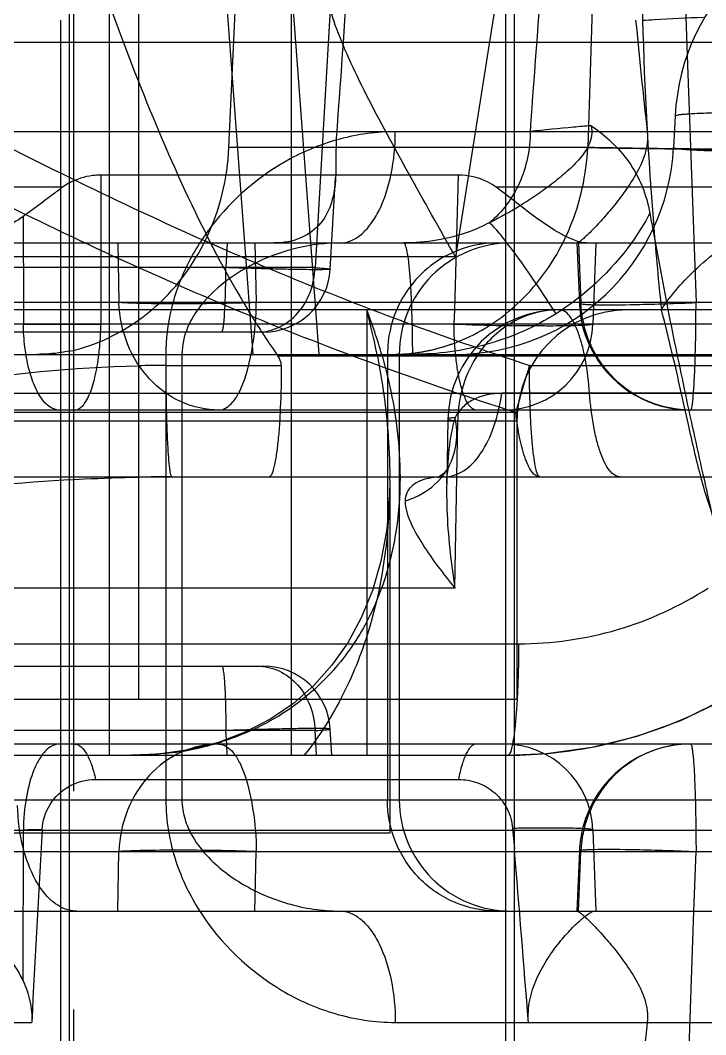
# Model space of a CAD drawing. Header units: millimetres. Extents: x 28656 to 29764, y -21384 to -20601.
# Drawn here: x 29203.036 to 29206.177, y -21152.405 to -21147.759 of the extents above; entities that cross this region are included whole.
import ezdxf

# ---------------------------------------------------------------- set-up
doc = ezdxf.new("R2010")
doc.units = ezdxf.units.MM
doc.header["$LTSCALE"] = 8
doc.linetypes.add('CENTER', pattern=[2, 1.25, -0.25, 0.25, -0.25])
doc.layers.add('Cav-cor', color=30, linetype='Continuous')
doc.layers.add('dim', color=3, linetype='Continuous', lineweight=15)

# ---------------------------------------------------------------- blocks, each defined once
blk = doc.blocks.new('20160903.083224')
at = {"layer": 'Cav-cor', "color": 241}
for p, q in [((-20.6094, 14.1027), (-20.6094, 4.1067)), ((-18.9267, 11.2977), (-18.9267, -2.9823)), ((-20.9267, 9.2577), (-20.9267, -5.0223)), ((-18.8867, 9.2577), (-18.8867, -5.0223)), ((-19.6151, 9.2278), (-19.7999, 6.085)), ((-20.316, 8.7839), (-20.0854, 5.6877)), ((-19.7815, 5.6878), (-20.0129, 8.7949)), ((-20.7436, 8.4417), (-20.7436, 3.8517)), ((-19.9098, 7.6692), (-19.9098, 3.8517)), ((-18.9349, 7.5356), (-19.1567, 6.1342)), ((-18.1086, 7.478), (-18.0937, 7.0563)), ((-20.1945, 6.6354), (-20.1595, 7.3801)), ((-18.526, 7.3801), (-18.5503, 6.6354)), ((-20.9667, 7.2177), (-20.9667, 0.5877)), ((-17.8667, 7.1157), (-21.9467, 7.1157)), ((-18.0937, 7.0563), (-18.0538, 5.9249)), ((-18.1494, 6.7801), (-18.157, 6.6354)), ((-22.983, 6.7077), (-17.3567, 6.7077)), ((-18.5503, 6.6354), (-20.1945, 6.6354)), ((-18.1584, 6.6292), (-18.1268, 6.6289)), ((-19.1436, 6.5089), (-20.7819, 6.5089)), ((-20.7819, 6.5089), (-20.7817, 5.8917)), ((-19.1436, 6.5089), (-19.1612, 5.8917)), ((-19.7302, 6.0777), (-19.7055, 6.4975)), ((-20.957, 6.4527), (-22.3821, 6.4527)), ((-17.8269, 6.4527), (-18.9693, 6.4527)), ((-18.8865, 6.3889), (-18.9693, 6.4527)), ((-21.1378, 6.3188), (-21.1368, 5.8917)), ((-42.2032, 6.1977), (2.2365, 6.1977)), ((-20.7034, 6.1977), (-20.6986, 5.9249)), ((-20.2019, 6.1977), (-20.2086, 6.085)), ((-20.0751, 6.1977), (-20.0701, 5.9249)), ((-18.5995, 6.1977), (-18.588, 5.9216)), ((-18.5927, 6.1977), (-18.5814, 5.9249)), ((-18.5131, 6.1977), (-18.5261, 5.8265)), ((-19.1567, 6.1342), (-31.5858, 6.1342)), ((-19.7999, 6.085), (-39.5937, 6.085)), ((-3.1048, 5.9249), (-37.0802, 5.9249)), ((-18.5814, 5.9249), (-18.588, 5.9205)), ((-9.998, 5.8917), (-24.9916, 5.8917)), ((-21.1368, 5.8917), (-21.1367, 5.8265)), ((-20.7817, 5.8917), (-20.7817, 5.8265)), ((-19.563, 5.8917), (-19.563, 3.8517)), ((-19.1612, 5.8917), (-19.1631, 5.8265)), ((0.042, 5.8265), (-34.0756, 5.8265)), ((-20.0358, 5.7897), (-39.5315, 5.7897)), ((-60.4322, 5.6877), (18.6189, 5.6877)), ((-20.4836, 5.6877), (-20.4836, 3.6477)), ((-20.4099, 5.6877), (-20.4099, 3.6477)), ((-19.9703, 5.6812), (-16.959, 5.6812)), ((-19.4682, 5.6877), (-19.4682, 3.6477)), ((-19.4137, 5.6877), (-19.4137, 3.6477)), ((-20.4822, 5.6367), (-19.9547, 5.6367)), ((-18.8148, 5.6367), (-5.0086, 5.6367)), ((-22.602, 5.5092), (-16.9488, 5.5092)), ((-18.5416, 5.5092), (-18.9441, 5.5092)), ((-16.0065, 5.5092), (-18.5416, 5.5092)), ((-0.0595, 5.4327), (-47.8822, 5.4327)), ((-18.8773, 5.4212), (-22.7517, 5.4212)), ((-19.1908, 5.3919), (-19.1965, 5.097)), ((-18.8754, 5.3817), (-23.3794, 5.3817)), ((-19.15, 5.1267), (-19.1458, 5.3817)), ((-18.8754, 5.3817), (-18.8754, 4.1067)), ((-19.1867, 5.1734), (-19.1866, 5.1736)), ((-22.7161, 5.1267), (-5.2623, 5.1267)), ((-19.2363, 5.1244), (-19.2375, 5.124)), ((-19.2298, 5.1277), (-19.2363, 5.1244)), ((-19.1586, 4.6167), (-19.15, 5.1267)), ((-19.4574, 5.1097), (-19.4574, 3.4947)), ((-19.1586, 4.6167), (-23.9334, 4.6167)), ((-44.0975, 4.3617), (-18.8672, 4.3617)), ((-39.4195, 4.2597), (-20.0358, 4.2597)), ((-18.8756, 4.1067), (-24.9953, 4.1067)), ((-19.7999, 3.9644), (-39.5937, 3.9644)), ((-20.2049, 3.9027), (-20.2086, 3.9644)), ((-19.7933, 3.8517), (-19.7999, 3.9644)), ((-19.7232, 3.8517), (-19.7302, 3.9717)), ((-0.0595, 3.9027), (-47.8822, 3.9027)), ((-20.2019, 3.8517), (-20.2049, 3.9027)), ((-43.2798, 3.8517), (-18.9161, 3.8517)), ((-20.8057, 3.7405), (-19.1426, 3.7405)), ((-43.546, 3.6477), (0.8934, 3.6477)), ((-34.0756, 3.509), (0.042, 3.509)), ((-19.4574, 3.4947), (-25.5773, 3.4947)), ((-21.1382, 2.818), (-21.1367, 3.509)), ((-18.8863, 3.5165), (-18.8945, 3.5163)), ((-18.8945, 3.5163), (-18.8865, 3.4229)), ((-18.5261, 3.509), (-18.5131, 3.1377)), ((-37.0802, 3.4105), (-3.5866, 3.4105)), ((-20.7034, 3.1377), (-20.6986, 3.4105)), ((-20.0751, 3.1377), (-20.0701, 3.4105)), ((-18.588, 3.4139), (-18.5995, 3.1377)), ((-18.5927, 3.1377), (-18.5814, 3.4105)), ((-18.5814, 3.4105), (-18.588, 3.4149)), ((-18.0635, 3.1377), (-18.0538, 3.4105)), ((-42.2032, 3.1377), (6.3337, 3.1377)), ((-18.1651, 0.2503), (-18.0635, 3.1377)), ((-22.4084, 2.6277), (-21.0981, 2.6277)), ((-19.432, 2.6277), (-17.8608, 2.6277))]:
    blk.add_line(p, q, dxfattribs=at)
for points in [[(-19.1866, 5.1736), (-19.1973, 5.157), (-19.2086, 5.1441), (-19.22, 5.1342), (-19.2298, 5.1277)], [(-19.1965, 5.097), (-19.1952, 5.1229), (-19.1917, 5.1518), (-19.1878, 5.1692), (-19.1873, 5.1711)], [(-19.1873, 5.1711), (-19.1858, 5.1752), (-19.1867, 5.1734)], [(-19.2375, 5.124), (-19.2377, 5.1239), (-19.2329, 5.1249), (-19.2215, 5.1262), (-19.2074, 5.1267)], [(-19.4574, 5.1084), (-19.4585, 5.0441), (-19.4715, 4.8873), (-19.4981, 4.741), (-19.5373, 4.6054), (-19.5882, 4.4807), (-19.65, 4.3668), (-19.7224, 4.2637), (-19.8052, 4.1711)], [(-18.9162, 3.8517), (-18.7413, 3.8591), (-18.53, 3.8881), (-18.3234, 3.9387), (-18.1236, 4.0103), (-17.9328, 4.102), (-17.7825, 4.1927)], [(-19.8052, 4.1711), (-19.8984, 4.089), (-20.0023, 4.0178), (-20.1169, 3.958), (-20.242, 3.9106)], [(-20.242, 3.9106), (-20.3766, 3.8766), (-20.519, 3.8568), (-20.6414, 3.8517)]]:
    blk.add_lwpolyline(points, dxfattribs=at)
for centre, radius, start, end in [((-17.1508, 6.7277), 1, 90, 177), ((19.17, 4.1904), 38.0672, 174.89265, 176.20833), ((23.1959, 11.2798), 41.7246, 185.58683, 186.29093), ((-0.8457, 7.6868), 17.4595, 181.53941, 184.65513), ((-19.1556, 6.6877), 1, 270, 357), ((-17.5741, 67.2503), 60.6239, 269.477659, 269.825938), ((-20.7929, 6.2274), 0.2788, 119.0902, 126.0583), ((4.2195, 10.3285), 22.8369, 190.07238, 190.26392), ((-2.4033, 7.5609), 15.8969, 184.65869, 186.02728), ((-18.9037, 5.6877), 0.51, 89.9996, 180), ((-20.0357, 6.0957), 0.306, 270, 356.6304), ((-19.4967, 6.5919), 0.9179, 310.2214, 311.7329), ((-18.0779, 5.9428), 0.5105, 182.38, 188.2555), ((-28.3726, 5.9424), 10.3188, 359.7157, 359.90313), ((-21.131, 6.5799), 0.9023, 305.3681, 310.209), ((-19.597, 5.687), 0.8865, 166.6172, 179.9523), ((-22.7985, 5.0366), 3.3466, 11.2153, 14.8039), ((-21.8974, 4.9914), 2.502, 16.1533, 21.0892), ((-18.6811, 5.3818), 0.5097, 90.0001, 178.8432), ((-18.3654, 5.3817), 0.51, 90, 180), ((-26.307, 3.7646), 8.3695, 13.26927, 14.72313), ((-26.6402, 5.9236), 8.5863, 358.39937, 359.78354), ((-20.9604, 22.0871), 16.2616, 269.37894, 270.11911), ((-20.958, 22.1948), 16.3692, 270.10995, 270.61739), ((-21.1128, 6.5537), 0.8705, 295.0967, 305.3877), ((-18.6438, 19.8723), 14.0555, 267.88287, 268.79276), ((-18.6692, 18.6963), 12.8791, 268.79535, 269.04364), ((-18.9339, 5.8407), 0.408, 270.0002, 358), ((-21.0662, 6.4017), 0.7134, 281.3056, 296.89), ((-19.4471, 6.5029), 0.8152, 270.0722, 289.6416), ((-17.5785, 7.3826), 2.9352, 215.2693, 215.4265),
◇ ◇ ◇
Exercise description -
Determine the number of lines in the records that contain the word "points", and provide that number alone.

Output of the exercise -
2